This is a simple webpage that hooks into a kaldi-gstreamer-server. The main code is in js/audio.js. That is where we register to receive audio, send the audio to the server, and receive translations back.
Must have kaldi installed in order to run the servers.
Follow install instructions at https://github.com/kaldi-asr/kaldi
Note: kaldi takes a long time to compile.
This is a python server that uses kaldi to translate audio it receives over websockets.
Install instructions at https://github.com/alumae/kaldi-gstreamer-server
According to this section, in order to use the neural net decoder with the gstreamer server, you have to compile a special plugin for streamer.
Repo found at https://github.com/alumae/gst-kaldi-nnet2-online
I used this bash script to run all the needed things for the server:
#!/bin/bash
rm *.out
# run the server
nohup python kaldigstserver/master_server.py --port=8888 > server.out &
# run a decoding worker
# **NOTE**: you'll have to fill out the path in the export on the next line
export GST_PLUGIN_PATH=<path to gst-kaldi-nnet2-online>/src
nohup python kaldigstserver/worker.py -u ws://localhost:8888/worker/ws/speech -c sample_english_nnet2.yaml > worker.out &
This will run the server & 1 worker, which is what the server hands off the audio to to do the speech recognition.
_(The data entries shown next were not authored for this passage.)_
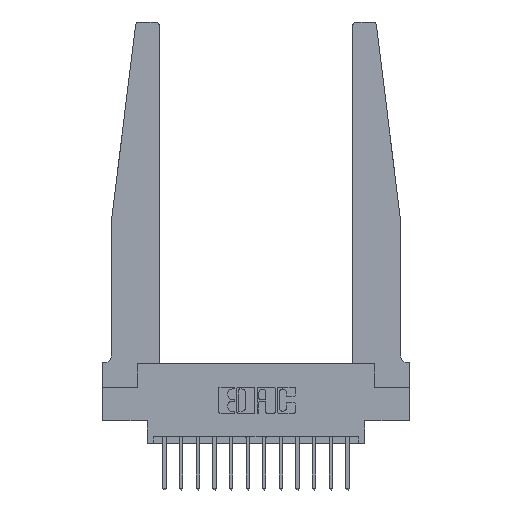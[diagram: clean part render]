
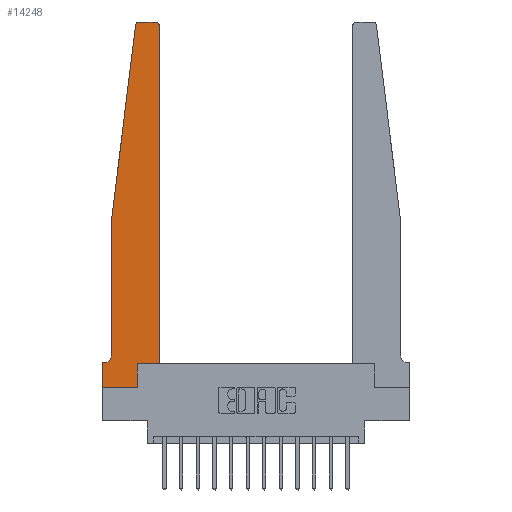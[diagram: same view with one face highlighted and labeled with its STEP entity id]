
A CAD part, top view. The second image highlights one B-rep face of the part: STEP entity #14248.
In plain terms, the highlighted planar face has unit normal (0, 0, 1).
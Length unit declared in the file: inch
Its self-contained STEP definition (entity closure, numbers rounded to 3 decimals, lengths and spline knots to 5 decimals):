
#472 = DIRECTION ( 'NONE',  ( 1., 0., 0. ) ) ;
#537 = CIRCLE ( 'NONE', #11665, 0.03 ) ;
#1037 = CARTESIAN_POINT ( 'NONE',  ( 0.065, 0.1875, 0.37 ) ) ;
#1294 = VERTEX_POINT ( 'NONE', #15099 ) ;
#1407 = CARTESIAN_POINT ( 'NONE',  ( 0.24675, 2.72367, 0.37 ) ) ;
#1499 = DIRECTION ( 'NONE',  ( 1., 0., 0. ) ) ;
#1575 = DIRECTION ( 'NONE',  ( 0., -1., 0. ) ) ;
#2021 = PLANE ( 'NONE',  #11659 ) ;
#2402 = LINE ( 'NONE', #5166, #12996 ) ;
#2440 = VERTEX_POINT ( 'NONE', #13559 ) ;
#2543 = VECTOR ( 'NONE', #1499, 39.37008 ) ;
#2726 = LINE ( 'NONE', #2901, #9115 ) ;
#2901 = CARTESIAN_POINT ( 'NONE',  ( 0.2605, 0.18, 0.37 ) ) ;
#2917 = ORIENTED_EDGE ( 'NONE', *, *, #11973, .T. ) ;
#2993 = LINE ( 'NONE', #8303, #13027 ) ;
#3115 = CARTESIAN_POINT ( 'NONE',  ( 0.015, 0.1875, 0.37 ) ) ;
#3195 = CARTESIAN_POINT ( 'NONE',  ( 0., 0., 0.37 ) ) ;
#3399 = VERTEX_POINT ( 'NONE', #4283 ) ;
#3434 = CARTESIAN_POINT ( 'NONE',  ( 0.395, 2.72, 0.37 ) ) ;
#4128 = VECTOR ( 'NONE', #4975, 39.37008 ) ;
#4152 = ORIENTED_EDGE ( 'NONE', *, *, #16932, .T. ) ;
#4195 = ORIENTED_EDGE ( 'NONE', *, *, #17032, .T. ) ;
#4213 = DIRECTION ( 'NONE',  ( -0.122, -0.992, 0. ) ) ;
#4283 = CARTESIAN_POINT ( 'NONE',  ( 0.425, 2.72, 0.37 ) ) ;
#4634 = EDGE_CURVE ( 'NONE', #10109, #8124, #2993, .T. ) ;
#4776 = FACE_OUTER_BOUND ( 'NONE', #14931, .T. ) ;
#4882 = LINE ( 'NONE', #10362, #4128 ) ;
#4975 = DIRECTION ( 'NONE',  ( -1., 0., 0. ) ) ;
#5010 = LINE ( 'NONE', #11541, #5035 ) ;
#5035 = VECTOR ( 'NONE', #5274, 39.37008 ) ;
#5084 = LINE ( 'NONE', #10388, #7761 ) ;
#5166 = CARTESIAN_POINT ( 'NONE',  ( 0.425, 0.18, 0.37 ) ) ;
#5274 = DIRECTION ( 'NONE',  ( 1., 0., 0. ) ) ;
#5324 = ORIENTED_EDGE ( 'NONE', *, *, #15200, .T. ) ;
#5343 = EDGE_CURVE ( 'NONE', #3399, #16951, #537, .T. ) ;
#5373 = ORIENTED_EDGE ( 'NONE', *, *, #5343, .T. ) ;
#5399 = EDGE_CURVE ( 'NONE', #8124, #1294, #5084, .T. ) ;
#5604 = ORIENTED_EDGE ( 'NONE', *, *, #10206, .T. ) ;
#5760 = EDGE_CURVE ( 'NONE', #13324, #10109, #11675, .T. ) ;
#6270 = DIRECTION ( 'NONE',  ( 1., 0., 0. ) ) ;
#6318 = DIRECTION ( 'NONE',  ( 0., -1., 0. ) ) ;
#6338 = LINE ( 'NONE', #1037, #12294 ) ;
#6640 = VERTEX_POINT ( 'NONE', #13362 ) ;
#6659 = CARTESIAN_POINT ( 'NONE',  ( 0., 0., 0.37 ) ) ;
#7066 = ORIENTED_EDGE ( 'NONE', *, *, #4634, .T. ) ;
#7431 = VERTEX_POINT ( 'NONE', #3115 ) ;
#7581 = CARTESIAN_POINT ( 'NONE',  ( 0., 0.1875, 0.37 ) ) ;
#7727 = EDGE_CURVE ( 'NONE', #6640, #8010, #5010, .T. ) ;
#7761 = VECTOR ( 'NONE', #6318, 39.37008 ) ;
#7785 = CARTESIAN_POINT ( 'NONE',  ( 0.065, 1.25, 0.37 ) ) ;
#8010 = VERTEX_POINT ( 'NONE', #9686 ) ;
#8011 = CARTESIAN_POINT ( 'NONE',  ( 0., 0., 0.37 ) ) ;
#8124 = VERTEX_POINT ( 'NONE', #7785 ) ;
#8133 = DIRECTION ( 'NONE',  ( -1., 0., 0. ) ) ;
#8303 = CARTESIAN_POINT ( 'NONE',  ( 0.065, 1.25, 0.37 ) ) ;
#8313 = DIRECTION ( 'NONE',  ( 0., 0., 1. ) ) ;
#8908 = EDGE_CURVE ( 'NONE', #7431, #15101, #6338, .T. ) ;
#9115 = VECTOR ( 'NONE', #17082, 39.37008 ) ;
#9606 = ORIENTED_EDGE ( 'NONE', *, *, #11894, .T. ) ;
#9678 = CARTESIAN_POINT ( 'NONE',  ( 0.27653, 2.72, 0.37 ) ) ;
#9686 = CARTESIAN_POINT ( 'NONE',  ( 0.425, 0.18, 0.37 ) ) ;
#9755 = VERTEX_POINT ( 'NONE', #6659 ) ;
#10109 = VERTEX_POINT ( 'NONE', #1407 ) ;
#10206 = EDGE_CURVE ( 'NONE', #9755, #2440, #11024, .T. ) ;
#10362 = CARTESIAN_POINT ( 'NONE',  ( 0.25, 2.75, 0.37 ) ) ;
#10388 = CARTESIAN_POINT ( 'NONE',  ( 0.065, 1.25, 0.37 ) ) ;
#11024 = LINE ( 'NONE', #8011, #2543 ) ;
#11191 = CARTESIAN_POINT ( 'NONE',  ( 0.27653, 2.75, 0.37 ) ) ;
#11541 = CARTESIAN_POINT ( 'NONE',  ( 0.425, 0.18, 0.37 ) ) ;
#11659 = AXIS2_PLACEMENT_3D ( 'NONE', #7581, #12619, #6270 ) ;
#11665 = AXIS2_PLACEMENT_3D ( 'NONE', #3434, #15533, #17021 ) ;
#11675 = CIRCLE ( 'NONE', #12496, 0.03 ) ;
#11894 = EDGE_CURVE ( 'NONE', #15101, #9755, #13482, .T. ) ;
#11973 = EDGE_CURVE ( 'NONE', #8010, #3399, #2402, .T. ) ;
#12264 = ORIENTED_EDGE ( 'NONE', *, *, #5760, .T. ) ;
#12294 = VECTOR ( 'NONE', #14183, 39.37008 ) ;
#12496 = AXIS2_PLACEMENT_3D ( 'NONE', #9678, #8313, #472 ) ;
#12619 = DIRECTION ( 'NONE',  ( 0., 0., 1. ) ) ;
#12746 = ORIENTED_EDGE ( 'NONE', *, *, #5399, .T. ) ;
#12996 = VECTOR ( 'NONE', #14155, 39.37008 ) ;
#13027 = VECTOR ( 'NONE', #4213, 39.37008 ) ;
#13079 = DIRECTION ( 'NONE',  ( 0., 0., -1. ) ) ;
#13324 = VERTEX_POINT ( 'NONE', #11191 ) ;
#13362 = CARTESIAN_POINT ( 'NONE',  ( 0.2605, 0.18, 0.37 ) ) ;
#13482 = LINE ( 'NONE', #3195, #16058 ) ;
#13513 = AXIS2_PLACEMENT_3D ( 'NONE', #14403, #13079, #8133 ) ;
#13559 = CARTESIAN_POINT ( 'NONE',  ( 0.2605, 0., 0.37 ) ) ;
#14155 = DIRECTION ( 'NONE',  ( 0., 1., 0. ) ) ;
#14176 = ORIENTED_EDGE ( 'NONE', *, *, #7727, .T. ) ;
#14183 = DIRECTION ( 'NONE',  ( -1., 0., 0. ) ) ;
#14248 = ADVANCED_FACE ( 'NONE', ( #4776 ), #2021, .T. ) ;
#14403 = CARTESIAN_POINT ( 'NONE',  ( 0.015, 0.2375, 0.37 ) ) ;
#14931 = EDGE_LOOP ( 'NONE', ( #4152, #12264, #7066, #12746, #5324, #16485, #9606, #5604, #4195, #14176, #2917, #5373 ) ) ;
#15099 = CARTESIAN_POINT ( 'NONE',  ( 0.065, 0.2375, 0.37 ) ) ;
#15101 = VERTEX_POINT ( 'NONE', #15414 ) ;
#15200 = EDGE_CURVE ( 'NONE', #1294, #7431, #17125, .T. ) ;
#15414 = CARTESIAN_POINT ( 'NONE',  ( 0., 0.1875, 0.37 ) ) ;
#15533 = DIRECTION ( 'NONE',  ( 0., 0., 1. ) ) ;
#16058 = VECTOR ( 'NONE', #1575, 39.37008 ) ;
#16485 = ORIENTED_EDGE ( 'NONE', *, *, #8908, .T. ) ;
#16932 = EDGE_CURVE ( 'NONE', #16951, #13324, #4882, .T. ) ;
#16951 = VERTEX_POINT ( 'NONE', #16995 ) ;
#16995 = CARTESIAN_POINT ( 'NONE',  ( 0.395, 2.75, 0.37 ) ) ;
#17021 = DIRECTION ( 'NONE',  ( 1., 0., 0. ) ) ;
#17032 = EDGE_CURVE ( 'NONE', #2440, #6640, #2726, .T. ) ;
#17082 = DIRECTION ( 'NONE',  ( 0., 1., 0. ) ) ;
#17125 = CIRCLE ( 'NONE', #13513, 0.05 ) ;

To stop everything you can run (assuming there aren't any other python processes running):
> killall python
After the backend is running, you can launch the following python command to host an http server in this directory:
python -m SimpleHTTPServer
Then navigate to localhost:8000
(or <computer name>:8000
) and you should see the index.html content.
Note: Chrome will only ask for audio access if the webpage is loaded over an HTTPS connection, so for testing I had to use Firefox.